Казалось невероятным, чтобы в оккупированном Киеве нашлись люди, которые станут петь и танцевать «для них».
— А впрочем, за всех не ручайся, — сказала Прасковья Андреевна. — С той поры как я увидела, что у этого же твоего театра какая-то мразь немцам цветы подносит, ничем меня не удивишь. Найдутся охотники и запеть… под их дудку.
— Прежде чем убить фашиста, я раздавила бы червяка, пресмыкающегося перед ним, — снова закипела Лида. — Топтать их, топтать… Сорвала я этот оперно-ефрейторский приказ, перехожу улицу и вижу на дверях театрального ресторана надпись: «Нур фюр дойче». Не подходи — только для высшей расы. Для юберменшен. Жаль, камня не было под рукой, так и запустила бы в стеклянную дверь… Идет какой-то тип, может быть, из редакции их дрянной газетки, а может, украинский панок из Берлина. Увидел надпись, вытаращил глаза, остолбенел. А я ему: «Простите, говорю, не понимаю, что тут написано». Перевел. «Значит, украинцам воспрещается?» — спрашиваю. «Временно, временно, — объясняет он. — Украинцам надо дорасти до уровня немцев». Вижу, у него прямо слюнки текут, так хочется перешагнуть этот порог. Я ему и подсказала: «Из пана вышел бы отличный лакей. Открывать им двери… Все-таки ближе к арийцам!» Он только глазами захлопал, не успел и рта раскрыть, а я уже за углом.

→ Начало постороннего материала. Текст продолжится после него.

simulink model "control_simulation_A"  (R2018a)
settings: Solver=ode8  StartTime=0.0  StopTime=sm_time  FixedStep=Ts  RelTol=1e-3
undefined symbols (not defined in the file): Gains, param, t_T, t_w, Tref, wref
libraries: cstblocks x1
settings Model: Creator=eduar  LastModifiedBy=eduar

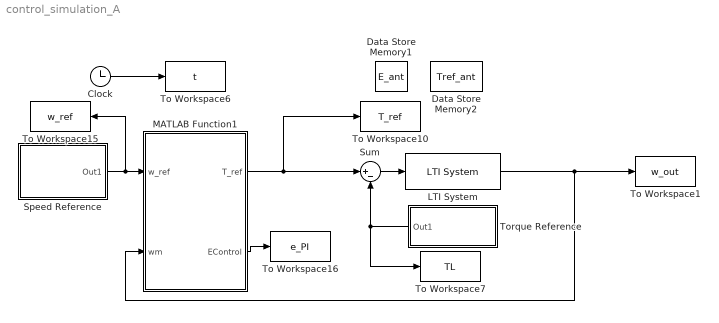
== system control_simulation_A ==
  Clock : Clock
  Data Store Memory1 : DataStoreMemory  DataStoreName=E_ant  InitialValue=1  ShowAdditionalParam=off  OutDataTypeStr=double
  Data Store Memory2 : DataStoreMemory  DataStoreName=Tref_ant  InitialValue=1  ShowAdditionalParam=off  OutDataTypeStr=double
  LTI System : cstblocks/LTI System  sys=RotorTF  IC=[]
  MATLAB Function1 : MATLAB Function  TreatAsAtomicUnit=on
  Speed Reference : Subsystem
  Sum : Sum  Inputs=|+-
  To Workspace1 : ToWorkspace  VariableName=w_out  SampleTime=-1
  To Workspace10 : ToWorkspace  VariableName=T_ref  SampleTime=-1
  To Workspace15 : ToWorkspace  VariableName=w_ref  SampleTime=-1
  To Workspace16 : ToWorkspace  VariableName=e_PI  SampleTime=-1
  To Workspace6 : ToWorkspace  VariableName=t  SampleTime=-1
  To Workspace7 : ToWorkspace  VariableName=TL  SampleTime=-1
  Torque Reference : Subsystem
  wires:
  Clock/1 -> To Workspace6/1
  Speed Reference/1(Out1) -> To Workspace15/1, MATLAB Function1/1(w_ref)
  MATLAB Function1/1(T_ref) -> Sum/1, To Workspace10/1
  MATLAB Function1/2(EControl) -> To Workspace16/1
  Sum/1 -> LTI System/1
  Torque Reference/1(Out1) -> To Workspace7/1, Sum/2
  LTI System/1 -> To Workspace1/1, MATLAB Function1/2(wm)

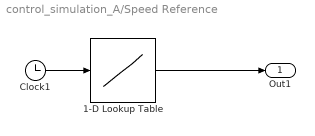
== system control_simulation_A/Speed Reference ==
  1-D Lookup Table : Lookup_n-D  NumberOfTableDimensions=1  BreakpointsForDimension1=t_w  Table=wref  InternalRulePriority=Speed  RndMeth=Simplest  InputSameDT=on
  Clock1 : Clock
  Out1 : Outport
  wires:
  Clock1/1 -> 1-D Lookup Table/1
  1-D Lookup Table/1 -> Out1/1

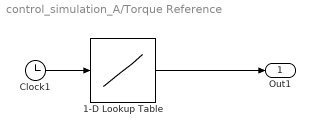
== system control_simulation_A/Torque Reference ==
  1-D Lookup Table : Lookup_n-D  NumberOfTableDimensions=1  BreakpointsForDimension1=t_T  Table=Tref  InterpMethod=Nearest  InternalRulePriority=Speed  RndMeth=Simplest  InputSameDT=on
  Clock1 : Clock
  Out1 : Outport
  wires:
  Clock1/1 -> 1-D Lookup Table/1
  1-D Lookup Table/1 -> Out1/1

== matlab function control_simulation_A/MATLAB Function1 ==
  settings: updateMethod=DISCRETE  sampleTime=Ts
  data: T_ref output; w_ref input; EControl output; wm input; Tref_ant data_store_memory; E_ant data_store_memory; param parameter; Gains parameter
function [T_ref, EControl] = fcn(w_ref, wm, param, Gains)
    global Tref_ant E_ant
    T_nom = param.T_nom;
    EControl = w_ref - wm;
    T_ref = Gains(1)*EControl + Gains(2)*E_ant + Gains(3)*Tref_ant;
    Tref_ant = T_ref; E_ant = EControl;
    
    if abs(T_ref) > abs(T_nom*2)
        if T_ref > 0
            T_ref = T_nom*2;
        elseif T_ref < 0
            T_ref = -1*T_nom*2;
        end
    end
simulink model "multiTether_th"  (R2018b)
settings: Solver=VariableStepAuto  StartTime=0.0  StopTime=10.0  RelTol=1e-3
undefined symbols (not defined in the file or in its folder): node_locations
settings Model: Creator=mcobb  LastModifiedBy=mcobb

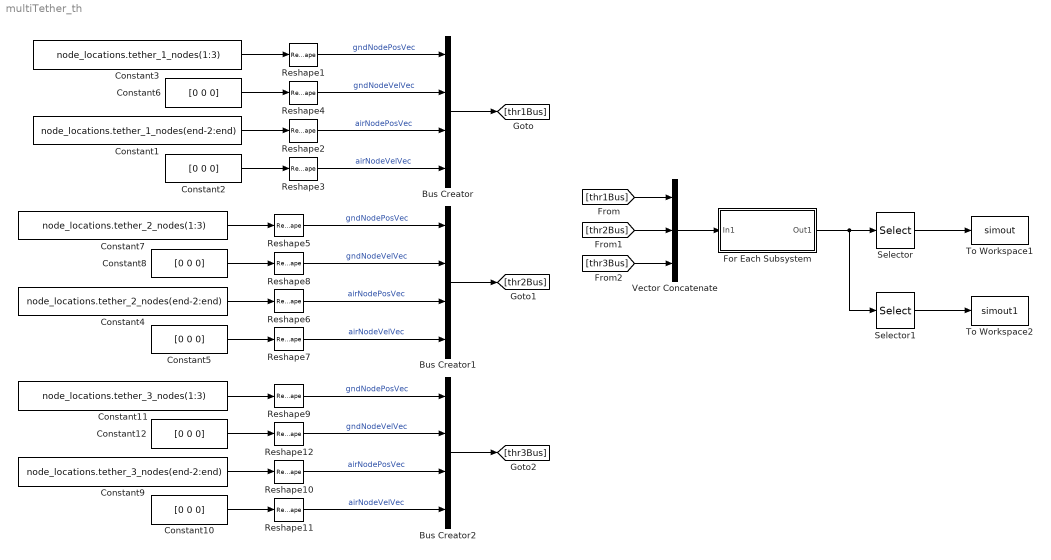
== system multiTether_th ==
  Bus Creator : BusCreator  Inputs=4  OutDataTypeStr=Bus: tetherInputBus  NonVirtualBus=on
  Bus Creator1 : BusCreator  Inputs=4  OutDataTypeStr=Bus: tetherInputBus  NonVirtualBus=on
  Bus Creator2 : BusCreator  Inputs=4  OutDataTypeStr=Bus: tetherInputBus  NonVirtualBus=on
  Constant1 : Constant  Value=node_locations.tether_1_nodes(end-2:end)
  Constant{2,5..6,8,10,12} (6 alike) : Constant  Value=[0 0 0]
  Constant11 : Constant  Value=node_locations.tether_3_nodes(1:3)
  Constant3 : Constant  Value=node_locations.tether_1_nodes(1:3)
  Constant4 : Constant  Value=node_locations.tether_2_nodes(end-2:end)
  Constant7 : Constant  Value=node_locations.tether_2_nodes(1:3)
  Constant9 : Constant  Value=node_locations.tether_3_nodes(end-2:end)
  For Each Subsystem : Subsystem  TreatAsAtomicUnit=on
  Reshape{1..12} (12 alike) : Reshape  OutputDimensionality=Column vector (2-D)
  Selector : Selector  InputPortWidth=3  IndexOptions=Index vector (dialog)  Indices=1  OutputSizes=1
  Selector1 : Selector  InputPortWidth=3  IndexOptions=Index vector (dialog)  Indices=2  OutputSizes=1
  To Workspace1 : ToWorkspace  VariableName=simout  SaveFormat=Timeseries  SampleTime=-1
  To Workspace2 : ToWorkspace  VariableName=simout1  SaveFormat=Timeseries  SampleTime=-1
  Vector Concatenate : Concatenate  NumInputs=3
  wires:
  Constant3/1 -> Reshape1/1
  Reshape1/1 -> Bus Creator/1  "gndNodePosVec"
  Vector Concatenate/1 -> For Each Subsystem/1(In1)
  For Each Subsystem/1(Out1) -> Selector1/1, Selector/1
  Constant6/1 -> Reshape4/1
  Bus Creator/1 -> [thr1Bus]
  [thr1Bus] -> Vector Concatenate/1
  [thr2Bus] -> Vector Concatenate/2
  [thr3Bus] -> Vector Concatenate/3
  Selector/1 -> To Workspace1/1
  Reshape4/1 -> Bus Creator/2  "gndNodeVelVec"
  Reshape2/1 -> Bus Creator/3  "airNodePosVec"
  Constant1/1 -> Reshape2/1
  Constant2/1 -> Reshape3/1
  Reshape3/1 -> Bus Creator/4  "airNodeVelVec"
  Reshape7/1 -> Bus Creator1/4  "airNodeVelVec"
  Constant5/1 -> Reshape7/1
  Constant4/1 -> Reshape6/1
  Reshape6/1 -> Bus Creator1/3  "airNodePosVec"
  Reshape8/1 -> Bus Creator1/2  "gndNodeVelVec"
  Bus Creator1/1 -> [thr2Bus]
  Constant8/1 -> Reshape8/1
  Reshape5/1 -> Bus Creator1/1  "gndNodePosVec"
  Constant7/1 -> Reshape5/1
  Constant11/1 -> Reshape9/1
  Reshape9/1 -> Bus Creator2/1  "gndNodePosVec"
  Constant12/1 -> Reshape12/1
  Bus Creator2/1 -> [thr3Bus]
  Reshape12/1 -> Bus Creator2/2  "gndNodeVelVec"
  Reshape10/1 -> Bus Creator2/3  "airNodePosVec"
  Constant9/1 -> Reshape10/1
  Constant10/1 -> Reshape11/1
  Reshape11/1 -> Bus Creator2/4  "airNodeVelVec"
  Selector1/1 -> To Workspace2/1

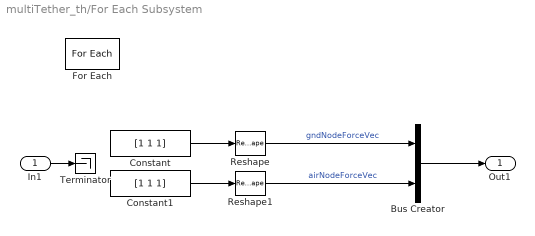
== system multiTether_th/For Each Subsystem ==
  In1 : Inport  Partition=on  PartitionDimension=1  PartitionWidth=1  PartitionOffset=0
  Bus Creator : BusCreator  Inputs=2  OutDataTypeStr=Bus: tetherOutputBus  NonVirtualBus=on
  Constant : Constant  Value=[1 1 1]
  Constant1 : Constant  Value=[1 1 1]
  For Each : ForEach  DisableCoverage=on  IndexMode=One-based
  Reshape : Reshape  OutputDimensionality=Column vector (2-D)
  Reshape1 : Reshape  OutputDimensionality=Column vector (2-D)
  Terminator : Terminator
  Out1 : Outport  ConcatenationDimension=1
  wires:
  In1/1 -> Terminator/1
  Bus Creator/1 -> Out1/1
  Constant/1 -> Reshape/1
  Reshape/1 -> Bus Creator/1  "gndNodeForceVec"
  Constant1/1 -> Reshape1/1
  Reshape1/1 -> Bus Creator/2  "airNodeForceVec"
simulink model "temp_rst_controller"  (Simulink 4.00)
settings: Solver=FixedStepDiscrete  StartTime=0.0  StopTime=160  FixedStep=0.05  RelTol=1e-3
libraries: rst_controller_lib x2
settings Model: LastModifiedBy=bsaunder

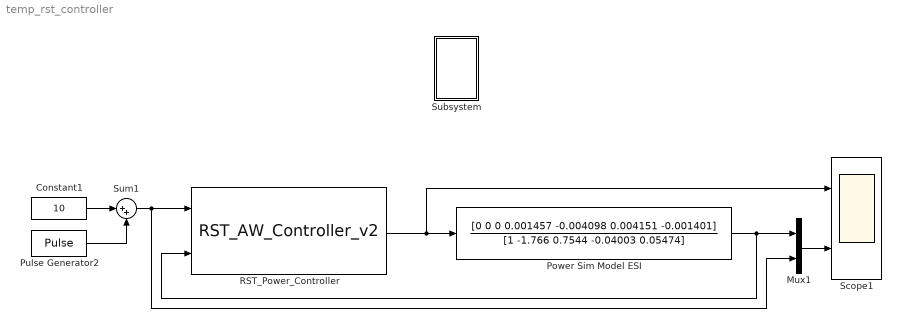
== system temp_rst_controller ==
  Constant1 : Constant  Value=10
  Mux1 : Mux  Inputs=2
  Power Sim Model ESI : DiscreteFilter  Numerator=[0 0 0 0.001457 -0.004098 0.004151 -0.001401]  Denominator=[1 -1.766 0.7544 -0.04003 0.05474]  SampleTime=0.05  Realization=auto
      settings: RTWStateStorageClass=Auto
  Pulse Generator2 : DiscretePulseGenerator  PulseType=Time-based  Amplitude=5  Period=40  PulseWidth=50  PhaseDelay=0  SampleTime=1
  RST_Power_Controller : rst_controller_lib/RST_AW_Controller_v2  out_limit=[0 500]
  Scope1 : Scope  NumInputPorts=2
      settings: TimeRange=160  YMin=0~-2  YMax=450~16  SaveToWorkspace=off  LimitDataPoints=on  MaxDataPoints=5000
  Subsystem : Subsystem
      settings: RTWFcnNameOpts=Auto  RTWFileNameOpts=Auto
  Sum1 : Sum  Inputs=|++  SaturateOnIntegerOverflow=on
  wires:
  Constant1/1 -> Sum1/1
  Pulse Generator2/1 -> Sum1/2
  Sum1/1 -> Mux1/2, RST_Power_Controller/1
  RST_Power_Controller/1 -> Scope1/1, Power Sim Model ESI/1
  Power Sim Model ESI/1 -> Mux1/1, RST_Power_Controller/2
  Mux1/1 -> Scope1/2

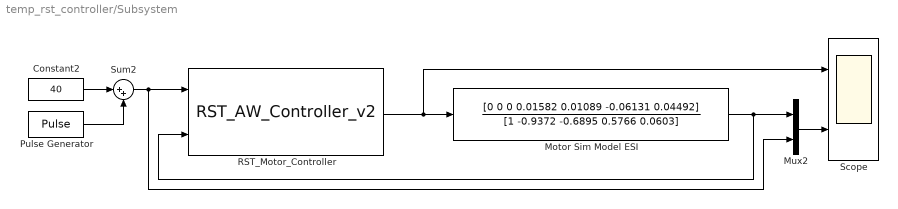
== system temp_rst_controller/Subsystem ==
  Constant2 : Constant  Value=40
  Motor Sim Model ESI : DiscreteFilter  Numerator=[0 0 0 0.01582 0.01089 -0.06131 0.04492]  Denominator=[1 -0.9372 -0.6895 0.5766 0.0603]  SampleTime=0.05  Realization=auto
      settings: RTWStateStorageClass=Auto
  Mux2 : Mux  Inputs=2
  Pulse Generator : DiscretePulseGenerator  PulseType=Time-based  Amplitude=20  Period=40  PulseWidth=50  PhaseDelay=0  SampleTime=1
  RST_Motor_Controller : rst_controller_lib/RST_AW_Controller_v2  out_limit=[0 100]
  Scope : Scope  NumInputPorts=2
      settings: TimeRange=160  YMin=0~0  YMax=70~70  SaveToWorkspace=off  SaveName=ScopeData  LimitDataPoints=on  MaxDataPoints=5000
  Sum2 : Sum  Inputs=|++  SaturateOnIntegerOverflow=on
  wires:
  Constant2/1 -> Sum2/1
  Pulse Generator/1 -> Sum2/2
  Sum2/1 -> Mux2/2, RST_Motor_Controller/1
  RST_Motor_Controller/1 -> Scope/1, Motor Sim Model ESI/1
  Motor Sim Model ESI/1 -> Mux2/1, RST_Motor_Controller/2
  Mux2/1 -> Scope/2

— Ох, допрыгаешься ты, — покачала головой мать.
— Ничего не допрыгаюсь, — отмахнулась Лида. — Прошла мимо городской управы…
— И чего тебя туда понесло?
— Понесло!.. Воспитываю умение держать себя в руках, когда вся горишь. Пригодится. Видели бы вы ту шваль, что там толчется. Занимают чужие квартиры, торгуют мебелью, берут патенты на магазины, на ателье. А один какой-то купчую несет — дом у него большевики отобрали. Так он теперь снова хочет стать домовладельцем. Взять бы котел кипятку да ошпарить этих тараканов.
— Гляди, как бы тебя не ошпарили, — предостерегла мать.
— Пусть попробуют! — Лида вдруг рассмеялась — А я уже одну так ошпарила, что, пожалуй, окочурится.
— Сумасшедшая! О чем ты думаешь? Вот возьму палку…
Лиде двадцать пять лет. Она давно окончила школу, училась музыке, была артисткой хора. Но для матери все еще оставалась задиристой девчонкой киевской окраины, без которой не обходилась ни одна уличная затея.
— Подожди, мама, расскажу… Идет какая-то фурия — сгорбленная, в черном платке, глаза выпученные, как у совы, неподвижные. Что-то уродливое, вырождающееся. «Здесь управа?» — спрашивает. Песок сыплется, а туда же. «Что, бабушка, магазин открываете?» — спрашиваю. «Нет, — шамкает, — у меня заявление…» И показывает бумажку. Глянула я и похолодела. Аккуратным почерком выведены три столбца: отдельно — комсомольцы, отдельно — активисты, да еще женщины, премированные восьмого марта. Представляете, какая гадюка! «Куда мне с этим?» — спрашивает, а сама прямо трясется от злости. Ну, думаю, сейчас тебя затрясет почище. «Подождите, говорю, я сейчас узнаю». Выхватила у нее бумажку — и в коридор. Постояла там три минуты, выхожу:
«Отойдем в сторону, а то везде подслушивают». Отвела ее, а потом как выпалю: «Где вы этот список взяли?» — «Сама, сама написала, я их знаю, все — большевики…» — «Ах, сама! А в управе сказали, что это донос. Вчера одну повесили за такие писания, слышали? Вы, наверно, агентка какая-нибудь, на людей поклепы возводите. За это вешать будут, вешать». Разорвала эту бумажку и швырнула ей в совиные глаза. Вот когда ее по-настоящему затрясло.